Hindalco closed the week on a strong note, surging 3.35% to Rs.935.85, with an intraday high of Rs.929.60, marking a 3.11% gain during the session. This performance outpaced the Non-Ferrous Metals sector by 0.77% and the Sensex’s 0.41% rise, underscoring the stock’s relative strength.

The three-day consecutive gains contributed to a 4.25% rise, reflecting sustained buying interest. Technically, the stock traded above its 5-day, 50-day, 100-day, and 200-day moving averages, signalling a bullish medium- to long-term trend, though it remained below the 20-day average, indicating some short-term resistance.

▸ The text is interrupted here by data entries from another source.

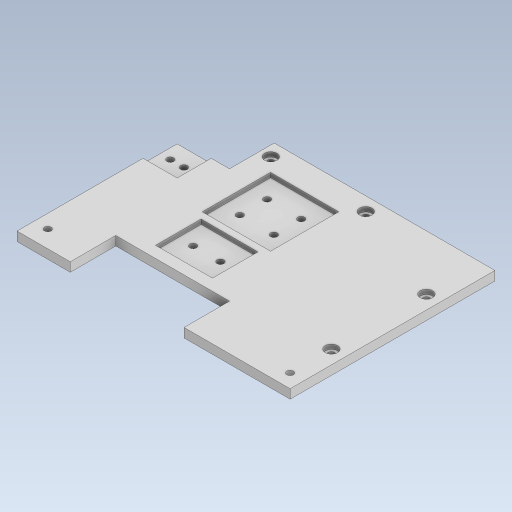
# Autodesk Inventor part: Casis Kiri Atas
Saved by Autodesk Inventor 2023.5 (Build 275446000, 446)
## iProperties
Created: 2025-09-16
Part Number: Casis Kiri Atas
Material: Generic
Document SubType Name: Modeling
Designer: Guntur
Density: 1 g/cm^3
Appearance: Default
Author: Guntur
## iProperties of the stored document Casis Kiri Atas_3DPrint.ipt
Created: 2025-09-19
Part Number: Casis Kiri Atas_3DPrint
Material: Generic
Document SubType Name: Modeling
Designer: Guntur
Density: 1 g/cm^3
Appearance: Default
Author: Guntur
Autodesk Inventor part; units mm, degrees
ref_plane "YZ Plane" through (0, 0, 0) normal (1, 0, 0) x (0, 1, 0)
ref_plane "XZ Plane" through (0, 0, 0) normal (0, 1, 0) x (-1, 0, 0)
ref_plane "XY Plane" through (0, 0, 0) normal (0, 0, 1) x (1, 0, 0)
sketch "Sketch1" plane through (0, 0, 0) normal (0, 1, 0) x (-1, 0, 0)
  line L0 (66.0375, 45) -> (-53.9625, 45)
  line L1 (-53.9625, 45) -> (-53.9625, -45)
  line L2 (66.0375, -45) -> (66.0375, 45)
  line L3 (-53.9625, -45) -> (-5, -45)
  line L4 (5, -45) -> (66.0375, -45)
  line L5 (-53.9625, 0) -> (-53.9625, -5)
  line L6 (-53.9625, -5) -> (-53.9625, 5)
  line L7 (30.1625, 20) -> (5.1625, 20)
  line L8 (5.1625, 20) -> (5.1625, 0)
  line L9 (5.1625, 0) -> (30.1625, 0)
  line L10 (30.1625, 0) -> (30.1625, 20)
  line L11 (32.6625, -3) -> (17.6625, -3)
  line L12 (17.6625, -3) -> (17.6625, -33)
  line L13 (17.6625, -33) -> (32.6625, -33)
  line L14 (32.6625, -33) -> (32.6625, -3)
  circle A0 centre (23.6625, 10) radius 1.5
  circle A1 centre (11.6625, 10) radius 1.5
  circle A2 centre (25.1625, -12) radius 1.5
  circle A3 centre (25.1625, -24) radius 1.5
  line L15 (2.6625, -3) -> (17.6625, -3)
  line L16 (17.6625, -3) -> (17.6625, -33)
  line L17 (17.6625, -33) -> (2.6625, -33)
  line L18 (2.6625, -33) -> (2.6625, -3)
  circle A4 centre (10.1625, -12) radius 1.5
  circle A5 centre (10.1625, -24) radius 1.5
  line L19 (42.6625, 45) -> (-7.3375, 45)
  line L20 (-7.3375, 45) -> (-7.3375, 25)
  line L21 (-7.3375, 25) -> (42.6625, 25)
  line L22 (42.6625, 25) -> (42.6625, 45)
  line L23 (5, -45) -> (-5, -45)
  circle A6 centre (-3.2125, -39) radius 1.5
  circle A7 centre (-3.2125, -39) radius 2.75
  circle A8 centre (38.5375, -39) radius 1.5
  circle A9 centre (38.5375, -39) radius 2.75
  circle A10 centre (-47.9625, 39) radius 1.5
  circle A11 centre (60.0375, 37.5) radius 1.5
  line L24 (66.0375, -45) -> (51.0375, -45)
  line L25 (66.0375, -28) -> (66.0375, -45)
  line L26 (66.0375, -25.35) -> (51.0375, -25.35)
  line L27 (51.0375, -25.35) -> (51.0375, -10.35)
  line L28 (51.0375, -10.35) -> (66.0375, -10.35)
  line L29 (66.0375, -10.35) -> (66.0375, -25.35)
  circle A12 centre (61.5375, -17.85) radius 1.5
  circle A13 centre (61.5375, -17.85) radius 2.5
  circle A14 centre (55.5375, -17.85) radius 1.5
  circle A15 centre (55.5375, -17.85) radius 2.5
  circle A16 centre (-47.9625, 20.875) radius 1.5
  circle A17 centre (-47.9625, -20.875) radius 1.5
  line L30 (-39.6875, 0) -> (-58.7375, 0) construction
  circle A18 centre (-47.9625, 20.875) radius 2.75
  circle A19 centre (-47.9625, -20.875) radius 2.75
  line L31 (17.6625, 0) -> (17.6625, -35.175) construction
  line L32 (51.0375, -25.35) -> (43.0375, -25.35)
  line L33 (43.0375, -25.35) -> (43.0375, -45)
  point P0 (0, 0)
  point P1 (5.1625, 10)
  point P2 (25.1625, -33)
  point P3 (8.375, -33)
  point P4 (-7.3375, 45)
  point P5 (46.0375, -45)
  dimension "d0" = 120
  dimension "d1" = 90
  dimension "d21" = 3
  dimension "d22" = 6.5
  dimension "d23" = 3
  dimension "d24" = 6.5
  dimension "d25" = 3
  dimension "d27" = 3
  dimension "d32" = 5
  dimension "d38" = 3
  dimension "d39" = 5.5
  dimension "d40" = 6
  dimension "d41" = 5.5
  dimension "d42" = 3
  dimension "d43" = 6
  dimension "d44" = 6
  dimension "d45" = 3
  dimension "d46" = 6
  dimension "d59" = 19.65
  dimension "d60" = 3
  dimension "d61" = 5
  dimension "d63" = 7.5
  dimension "d68" = 3
  dimension "d69" = 3
  dimension "d70" = 20.875
  dimension "d71" = 20.875
  dimension "d72" = 5.5
  dimension "d73" = 5.5
  dimension "d74" = 0
  dimension "d75" = 0
  dimension "d76" = 7.5
  dimension "d77" = 7.5
  dimension "d78" = 7.5
  dimension "d79" = 7.5
  dimension "d81" = 8
  constraints: 68 end point, 20 centre point, 11 parallel, 9 horizontal, 6 coincident, 6 perpendicular, 5 point on line, 4 midpoint, 2 vertical
  measures "d0" distance of L2.start L1.end
  measures "d1" distance of L1.end L0.end
  measures "d21" diameter of A0
  measures "d22" distance from line of L10 A0.centre
  measures "d23" diameter of A1
  measures "d24" distance of point (5.163, 10) A1.centre
  measures "d25" diameter of A2
  measures "d27" diameter of A3
  measures "d32" distance between parallel lines of L7 L21
  measures "d38" diameter of A6
  measures "d39" diameter of A7
  measures "d40" distance from line of L3 A6.centre
  measures "d41" diameter of A9
  measures "d42" diameter of A10
  measures "d43" distance from line of L0 A10.centre
  measures "d44" distance from line of L1 A10.centre
  measures "d45" diameter of A11
  measures "d46" distance from line of L2 A11.centre
  measures "d59" distance between parallel lines of L4 L26
  measures "d60" diameter of A12
  measures "d61" diameter of A13
  measures "d63" distance from line of L28 A12.centre
  measures "d68" diameter of A16
  measures "d69" diameter of A17
  measures "d70" distance from line of L30 A16.centre
  measures "d71" distance from line of L30 A17.centre
  measures "d72" diameter of A18
  measures "d73" diameter of A19
  measures "d74" distance between parallel lines of L16 L31
  measures "d75" distance between parallel lines of L31 L12
  measures "d76" distance from line of L18 A4.centre
  measures "d77" distance from line of L12 A2.centre
  measures "d78" distance from line of L12 A3.centre
  measures "d79" distance from line of L18 A5.centre
  measures "d81" distance of L26.end L32.end
extrude "Extrusion3" add sketch "Sketch1" along normal blind 4 contours L2 L28 L27 L32 L33 L4 L23 L3 L1 L0 L20 L21 L22
extrude "Extrusion4" add sketch "Sketch1" along normal blind 2 contours L2 L26 L27 L28 | L10 L9 L8 L7 | L14 L13 L12 L11 | L12 L17 L18 L15 | A7 | A9 | A13 | A15 | A18 | A19
body "Solid2"
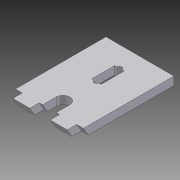
# Autodesk Inventor part: TRIANGLESHORTLEG
Saved by Autodesk Inventor 2012 SP2 (Build 160219200, 219)
## iProperties
Created: 2013-02-09
Part Number: TRIANGLESHORTLEG
Material: Default
Document SubType Name: Modeling
Designer: blacki
Density: 1 g/cm^3
Mass: 16.4659 g
Surface Area: 73.5691 cm^2
Volume: 16.4659 cm^3
Author: blacki
Autodesk Inventor part; units mm, degrees
ref_plane "YZ Plane" through (0, 0, 0) normal (1, 0, 0) x (0, 1, 0)
ref_plane "XZ Plane" through (0, 0, 0) normal (0, 1, 0) x (-1, 0, 0)
ref_plane "XY Plane" through (0, 0, 0) normal (0, 0, 1) x (1, 0, 0)
sketch "Sketch1" plane through (0, 0, 0) normal (0, 0, 1) x (1, 0, 0)
  line L0 (25, -30) -> (-25, -30)
  line L1 (-25, -30) -> (-25, 30)
  line L2 (-25, 30) -> (25, 30)
  line L3 (25, 30) -> (25, -30)
  line L4 (-25, 0) -> (25, 0) construction
  point P0 (0, 0)
  point P1 (0, 0)
  dimension "d0" = 50
  dimension "d1" = 60
  constraints: 10 end point, 3 midpoint, 2 parallel, 1 coincident, 1 horizontal, 1 perpendicular
  measures "d0" distance of L1.end L2.end
  measures "d1" distance of L0.end L1.end
extrude "Extrusion1" add sketch "Sketch1" along normal blind 6
sketch "Sketch2" plane through (-25, -30, 0) normal (-1, 0, 0) x (0, 0, 1)
  line L0 (0, 0) -> (6, 0) projected
  line L1 (6, -3.4641) -> (-173.2051, 100) construction
  line L2 (0, 0) -> (6, -3.4641)
  line L3 (6, -3.4641) -> (6, 0)
  point P0 (0, 30)
  constraints: 4 end point, 1 collinear, 1 perpendicular
extrude "Extrusion2" add sketch "Sketch2" against normal blind 50
sketch "Sketch4" plane through (-25, 30, 0) normal (-1, 0, 0) x (0, 0, 1)
  line L0 (6, -63.4641) -> (6, 0) projected
  line L1 (0, -60) -> (0, 0) projected
  line L2 (0, -60) -> (6, -63.4641) projected
  line L3 (6, -56.5359) -> (-167.2051, 43.4641) construction
  line L4 (0, -53.0718) -> (6, -56.5359)
  point P0 (0, -30)
  constraints: 2 end point, 2 point on line, 1 collinear
extrude "Extrusion3" cut sketch "Sketch4" against normal blind 5
sketch "Sketch7" plane through (0, 0, 0) normal (1, 0, 0) x (0, 1, 0)
  line L0 (-23.0718, 0) -> (-30, 0) construction
  line L1 (70, -173.2051) -> (-33.4641, 6) construction
  line L2 (-33.4641, 6) -> (-26.5359, 6) construction
  line L3 (-26.5359, 6) -> (73.4641, -167.2051) construction
  line L4 (-33.4641, 6) -> (-30, 0)
  line L5 (-23.0718, 0) -> (-30, 0)
  line L6 (-33.4641, 6) -> (-26.5359, 6)
  line L7 (-26.5359, 6) -> (-23.0718, 0)
  point P0 (0, 0)
  constraints: 8 end point, 2 collinear, 2 parallel
extrude "Extrusion6" cut sketch "Sketch7" along normal mid plane 15
mirror "Mirror1" about plane through (0, 0, 0) normal (1, 0, 0) of "Extrusion3"
sketch "Sketch8" plane through (0, 0, 6) normal (0, 0, 1) x (1, 0, 0)
  line L0 (-7.5, -26.5359) -> (7.5, -26.5359) projected
  line L1 (-5, -26.5359) -> (5, -26.5359)
  line L2 (5, -26.5359) -> (5, -16.5359)
  line L3 (5, -16.5359) -> (-5, -16.5359) construction
  line L4 (-5, -16.5359) -> (-5, -26.5359)
  arc A0 (5, -16.5359) -> (-5, -16.5359) centre (0, -16.5359) ccw
  point P0 (0, 0)
  point P1 (0, -26.5359)
  dimension "d23" = 10
  dimension "d24" = 10
  constraints: 8 end point, 3 midpoint, 2 parallel, 2 point on circle, 1 centre point, 1 horizontal, 1 perpendicular, 1 point on line
  measures "d23" distance of L3.end L2.end
  measures "d24" distance of L2.end L1.end
extrude "Extrusion7" cut sketch "Sketch8" against normal up to next
thicken "Thicken1" operation add thickness 10 both sides no extend neighbours yes toward (0, 1, 0) faces at (-8.3333, 30, 2)
sketch "Sketch11" plane through (0, 0, 6) normal (0, 0, 1) x (1, 0, 0)
  line L0 (-25, 40) -> (25, 40) projected
  line L1 (-3.5, 25) -> (3.5, 25)
  line L2 (3.5, 25) -> (3.5, 8)
  line L3 (3.5, 8) -> (-3.5, 8)
  line L4 (-3.5, 8) -> (-3.5, 25)
  line L5 (0, 40) -> (0, 0) construction
  line L6 (0, 40) -> (0, 0) construction
  circle A0 centre (0, 25) radius 1.75
  circle A1 centre (0, 8) radius 1.75
  dimension "d40" = 7
  dimension "d41" = 17
  dimension "d42" = 15
  dimension "d43" = 3.5
  dimension "d44" = 3.5
  constraints: 12 end point, 3 midpoint, 3 parallel, 2 centre point, 2 point on line, 1 coincident, 1 collinear, 1 horizontal, 1 perpendicular
  measures "d40" distance of L2.end L3.end
  measures "d41" distance of L1.end L2.end
  measures "d42" distance between parallel lines of L0 L1
  measures "d43" diameter of A0
  measures "d44" diameter of A1
extrude "Extrusion10" cut sketch "Sketch11" against normal up to next
equation "\"d44\" = d43"
body "Solid1"
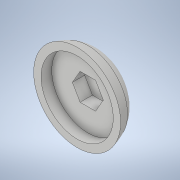
# Autodesk Inventor part: nut_cover1
Saved by Autodesk Inventor 2020 (Build 240168000, 168)
## iProperties
Created: 2018-05-22
Part Number: nut_cover1
Material: Generic
Document SubType Name: Modeling
Designer: stedrock
Density: 1 g/cm^3
Appearance: Default
Author: stedrock
Autodesk Inventor part; units mm, degrees
ref_plane "YZ Plane" through (0, 0, 0) normal (1, 0, 0) x (0, 1, 0)
ref_plane "XZ Plane" through (0, 0, 0) normal (0, 1, 0) x (-1, 0, 0)
ref_plane "XY Plane" through (0, 0, 0) normal (0, 0, 1) x (1, 0, 0)
sketch "Sketch1" plane through (0, 0, 0) normal (0, 0, 1) x (1, 0, 0)
  line L0 (0, 0) -> (26.2535, 0) construction
  line L1 (4.3301, 0) -> (2.1651, -3.75)
  line L2 (2.1651, -3.75) -> (-2.1651, -3.75)
  line L3 (-2.1651, -3.75) -> (-4.3301, 0)
  line L4 (-4.3301, 0) -> (-2.1651, 3.75)
  line L5 (-2.1651, 3.75) -> (2.1651, 3.75)
  line L6 (2.1651, 3.75) -> (4.3301, 0)
  circle A0 centre (0, 0) radius 10.1
  circle A1 centre (0, 0) radius 11.1
  dimension "d0" = 7.5
  dimension "d1" = 20.2
  dimension "d2" = 22.2
  constraints: 14 end point, 3 coincident, 2 centre point, 1 horizontal, 1 point on line, 13 other
  measures "d0" distance between parallel lines of L1 L4
  measures "d1" diameter of A0
  measures "d2" diameter of A1
sketch "Sketch3" plane through (0, 0, 0) normal (0, 1, 0) x (-1, 0, 0)
  line L0 (0, 0) -> (0, -4.2)
  line L1 (11.1, 0) -> (-11.1, 0) projected
  line L2 (0, 0) -> (-26.2535, 0) construction
  line L3 (-11.1, 0) -> (0, 0)
  line L4 (-11.1, 0) -> (-11.1, 3)
  line L5 (0, -4.2) -> (-4.3301, -4.2)
  line L6 (-4.3301, 0) -> (-2.1651, 0) projected
  line L7 (-2.1651, 0) -> (-4.3301, 0) projected
  line L8 (-4.3301, -4.2) -> (-4.3301, 0) construction
  line L9 (-11.1, 3) -> (-12.1687, 3)
  arc A0 (-11.1, 0) -> (-4.3301, -4.2) centre (-4.3301, 3.3561) ccw
  arc A1 (-12.1687, 3) -> (-11.1, 0) centre (1.0167, 6.0067) ccw
  line L10 (10.1, 0) -> (-10.1, 0) projected
  line L11 (-11.1, 0) -> (-10.1, 0)
  line L12 (-10.1, 0) -> (-10.1, 3)
  line L13 (-10.1, 3) -> (-11.1, 3)
  line L14 (-11.1, 3) -> (-11.1, 0)
  dimension "d3" = 4.2
  dimension "d4" = 3
  constraints: 21 end point, 4 horizontal, 4 point on circle, 3 parallel, 2 centre point, 2 tangent, 2 vertical, 1 collinear, 1 perpendicular, 1 other
  measures "d3" distance of L0.start L0.end
  measures "d4" distance of L3.start L4.end
revolve "Revolution1" add sketch "Sketch3" angle 360 about axis through (0, 0, 0) along (0, 0, -1)
extrude "Extrusion1" cut sketch "Sketch1" against normal blind 3.45 contours L1 L2 L3 L4 L5 L6
body "Solid1"
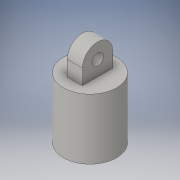
# Autodesk Inventor part: shock absorber top
Saved by Autodesk Inventor 2016 (Build 200138000, 138)
## iProperties
Created: 2017-06-27
Part Number: shock absorber top
Material: Generic
Document SubType Name: Modeling
Designer: andon
Density: 1 g/cm^3
Appearance: Default
Author: andon
Autodesk Inventor part; units mm, degrees
ref_plane "YZ Plane" through (0, 0, 0) normal (1, 0, 0) x (0, 1, 0)
ref_plane "XZ Plane" through (0, 0, 0) normal (0, 1, 0) x (-1, 0, 0)
ref_plane "XY Plane" through (0, 0, 0) normal (0, 0, 1) x (1, 0, 0)
sketch "Sketch1" plane through (0, 0, 0) normal (1, 0, 0) x (0, 1, 0)
  line L0 (-50.8, 44.45) -> (50.8, 44.45)
  line L1 (50.8, 44.45) -> (50.8, 41.275)
  line L2 (-50.8, 41.275) -> (-50.8, 44.45)
  line L3 (-50.8, 44.45) -> (-47.1714, 41.275) construction
  line L4 (50.8, 41.275) -> (-50.8, 41.275)
  line L5 (50.8, 44.45) -> (47.1714, 41.275) construction
  line L6 (-71.12, 0) -> (71.12, 0) projected
  point P0 (0, 0)
  constraints: 12 end point, 3 point on line, 2 horizontal, 1 parallel, 1 perpendicular
revolve "Revolution1" add sketch "Sketch1" angle 360 about axis through (0, -10, 0) along (0, 1, 0)
sketch "Sketch2" plane through (0, 50.8, 0) normal (0, 1, 0) x (1, 0, 0)
  circle A0 centre (0, 0) radius 44.45
  constraints: 1 centre point, 1 coincident
extrude "Extrusion1" add sketch "Sketch2" against normal blind 6.35
sketch "Sketch3" plane through (0, -50.8, 0) normal (0, -1, 0) x (1, 0, 0)
  circle A0 centre (0, 0) radius 44.45
  constraints: 1 centre point, 1 coincident
extrude "Extrusion2" add sketch "Sketch3" against normal blind 6.35
sketch "Sketch4" plane through (0, -50.8, 0) normal (0, -1, 0) x (1, 0, 0)
  circle A0 centre (0, 0) radius 44.45 projected
  circle A1 centre (0, 0) radius 19.05
  constraints: 1 centre point, 1 coincident
extrude "Extrusion3" cut sketch "Sketch4" against normal blind 12.7 contours A1
sketch "Sketch5" plane through (0, 50.8, 0) normal (0, 1, 0) x (1, 0, 0)
  line L0 (-25.4, 25.4) -> (25.4, 25.4)
  line L1 (25.4, 25.4) -> (25.4, -25.4)
  line L2 (25.4, -25.4) -> (-25.4, -25.4)
  line L3 (-25.4, -25.4) -> (-25.4, 25.4)
  line L4 (-25.4, 25.4) -> (25.4, -25.4) construction
  line L5 (25.4, 25.4) -> (-25.4, -25.4) construction
  line L6 (-12.7, 25.4) -> (12.7, 25.4)
  line L7 (12.7, 25.4) -> (12.7, -25.4)
  line L8 (12.7, -25.4) -> (-12.7, -25.4)
  line L9 (-12.7, -25.4) -> (-12.7, 25.4)
  line L10 (-12.7, 25.4) -> (12.7, -25.4) construction
  line L11 (12.7, 25.4) -> (-12.7, -25.4) construction
  point P0 (0, 0)
  dimension "d9" = 50.8
  dimension "d10" = 50.8
  constraints: 24 end point, 4 midpoint, 4 parallel, 2 horizontal, 2 perpendicular, 1 point on line
  measures "d9" distance of L1.end L2.end
  measures "d10" distance of L0.end L1.end
extrude "Extrusion6" add sketch "Sketch5" along normal blind 50.8 contours L0 L7 L2 L9
fillet "Fillet2" radius 25.4 2 edges at (0, 101.6, 25.4) (0, 101.6, -25.4)
sketch "Sketch7" plane through (12.7, 50.8, 25.4) normal (1, 0, 0) x (0, 0, -1)
  arc A0 (50.8, 25.4) -> (0, 25.4) centre (25.4, 25.4) ccw projected
  circle A1 centre (25.4, 25.4) radius 9.525
  point P0 (25.4, -50.8)
  dimension "d20" = 19.05
  constraints: 1 centre point, 1 coincident
  measures "d20" diameter of A1
extrude "Extrusion7" cut sketch "Sketch7" against normal blind 50.8
body "Solid1"
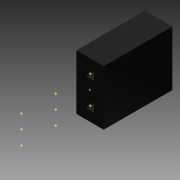
# Autodesk Inventor part: pwm connector 3 pin
Saved by Autodesk Inventor 2011 (Build 150239000, 239)
## iProperties
Created: 2010-02-11
Part Number: pwm connector 3 pin
Document SubType Name: Modeling
Designer: Kyle
Density: 1 g/cm^3
Author: Kyle
Autodesk Inventor part; units mm, degrees
ref_plane "YZ Plane" through (0, 0, 0) normal (1, 0, 0) x (0, 1, 0)
ref_plane "XZ Plane" through (0, 0, 0) normal (0, 1, 0) x (-1, 0, 0)
ref_plane "XY Plane" through (0, 0, 0) normal (0, 0, 1) x (1, 0, 0)
sketch "Sketch1" plane through (0, 0, 0) normal (0, 0, 1) x (1, 0, 0)
  line L0 (0.889, 1.651) -> (1.651, 1.651)
  line L1 (1.651, 1.651) -> (1.651, 0.889)
  line L2 (1.651, 0.889) -> (0.889, 0.889)
  line L3 (0.889, 0.889) -> (0.889, 1.651)
  line L4 (0.889, 4.191) -> (1.651, 4.191)
  line L5 (1.651, 4.191) -> (1.651, 3.429)
  line L6 (1.651, 3.429) -> (0.889, 3.429)
  line L7 (0.889, 3.429) -> (0.889, 4.191)
  line L8 (0, 5.08) -> (0, 0)
  line L9 (0, 0) -> (2.54, 0)
  line L10 (2.54, 0) -> (2.54, 5.08)
  line L11 (2.54, 5.08) -> (0, 5.08)
  point P0 (5.08, 24.13)
  constraints: 24 end point
extrude "Extrusion1" add sketch "Sketch1" along normal blind 6.35
ref_plane "Work Plane6" through (0, 0, 9.525) normal (0, 0, 1) x (1, 0, 0)
ref_plane "Work Plane7" through (0, 0, 12.7) normal (0, 0, 1) x (1, 0, 0)
ref_plane "Work Plane8" through (0, 0, 9.525) normal (0, 0, 1) x (1, 0, 0)
ref_plane "Work Plane9" through (0, 0, 12.7) normal (0, 0, 1) x (1, 0, 0)
ref_plane "Work Plane10" through (0, 0, 9.525) normal (0, 0, 1) x (1, 0, 0)
ref_plane "Work Plane11" through (0, 0, 12.7) normal (0, 0, 1) x (1, 0, 0)
body "Solid1"
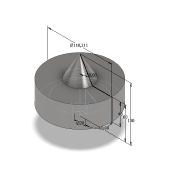
# Autodesk Inventor part: Mass_otimization
Saved by Autodesk Inventor 2021 (Build 250183000, 183)
## iProperties
RuleStatus: InUse
Created: 2025-08-13
Part Number: Mass_otimization
Material: Steel, Mild
Document SubType Name: Modeling
Designer: RAFAEL
Density: 7.85 g/cm^3
Appearance: Semi-Polished
Mass: 3000 g
Surface Area: 412.685 cm^2
Volume: 382.166 cm^3
Author: RAFAEL
Autodesk Inventor part; units mm, degrees
note: some values were not read from the file. Left out: dimensions or parameters whose unit could not be read.
ref_plane "YZ Plane" through (0, 0, 0) normal (1, 0, 0) x (0, 1, 0)
ref_plane "XZ Plane" through (0, 0, 0) normal (0, 1, 0) x (-1, 0, 0)
ref_plane "XY Plane" through (0, 0, 0) normal (0, 0, 1) x (1, 0, 0)
sketch "Sketch1" plane through (0, 0, 0) normal (0, 0, 1) x (1, 0, 0)
  line L0 (0, 0) -> (10, 0)
  line L1 (10, 0) -> (10, 48.3509)
  line L2 (10, 48.3509) -> (59.1053, 20)
  line L3 (59.1053, 20) -> (59.1053, 60)
  line L4 (59.1053, 60) -> (23.094, 60)
  line L5 (23.094, 60) -> (0, 100)
  line L6 (0, 100) -> (0, 0)
  dimension "d0" = 20
  dimension "d1" = 30
  dimension "d2" = 100
  dimension "d3" = 60
  dimension "d4" = 40
  dimension "d5" = 118.2105
  dimension "d6" = 60
  constraints: 15 end point, 2 horizontal, 2 perpendicular, 1 parallel
  measures "d0" diameter of L1 L6
  measures "d1" angle of L5 L6
  measures "d2" distance of L0.start L5.end
  measures "d3" angle of L2 L1
  measures "d4" distance of L2.end L3.end
  measures "d5" diameter of L3 L6
  measures "d6" distance from line of L4 L0.end
revolve "Revolution1" add sketch "Sketch1" angle 360 about axis through (0, 100, 0) along (0, -1, 0)
fillet "Fillet1" radius 20 1 edges at (-10, 48.3509, 0)
equation "\"ITERACOES\" = 0"
equation "\"VALORES_OTIMOS\" = 118.21054"
body "Solid1"

Hindalco’s year-to-date return stood at 5.28%, outperforming the Sensex’s 2.49% decline, while its one-year return of 46.02% far exceeded the Sensex’s 9.72%. Despite the recent downgrade to a Hold rating by MarketsMOJO, the stock’s sustained gains across multiple time frames highlight its continued prominence among large-cap industrial stocks.

Date Stock Price Day Change Sensex Day Change
2026-02-16 Rs.907.20 -0.16% 36,787.89 +0.70%
2026-02-17 Rs.891.50 -1.73% 36,904.38 +0.32%
2026-02-18 Rs.899.00 +0.84% 37,062.35 +0.43%
2026-02-19 Rs.905.50 +0.72% 36,523.88 -1.45%
2026-02-20 Rs.935.85 +3.35% 36,674.32 +0.41%

Key Takeaways

Hindalco Industries demonstrated a resilient performance this week, gaining 2.99% against the Sensex’s 0.39% rise. The stock’s valuation metrics improved, with attractive P/E and P/BV ratios signalling renewed price appeal. Despite short-term bearish technical signals and a surge in put option activity reflecting cautious sentiment, the stock maintained support above key long-term moving averages.

High trading volumes and increased delivery participation indicated genuine investor interest amid sectoral headwinds. The strong intraday surge on 20 February capped a three-day rally, highlighting renewed momentum. However, the downgrade to a Hold rating by MarketsMOJO and mixed technical indicators suggest investors should remain vigilant and monitor key support and resistance levels closely.

Hindalco’s long-term returns continue to outpace the Sensex significantly, reinforcing its status as a leading large-cap stock in the non-ferrous metals sector. The interplay of valuation improvements, technical consolidation, and active market participation frames a complex but cautiously optimistic outlook for the near term.

Conclusion

The week’s developments for Hindalco Industries Ltd reflect a stock navigating a transitional phase marked by valuation attractiveness, mixed technical momentum, and active market engagement. While short-term bearish pressures and elevated put option activity signal caution, the stock’s strong fundamental base and recent price resilience underpin its continued relevance in the metals sector.

Investors should weigh the improved valuation metrics against the technical signals and sectoral dynamics, maintaining a balanced perspective. The stock’s outperformance relative to the Sensex and sector peers over multiple time frames highlights its growth potential, albeit tempered by the current Hold rating and market volatility. Monitoring upcoming expiry dynamics and sector trends will be key to assessing Hindalco’s trajectory in the weeks ahead.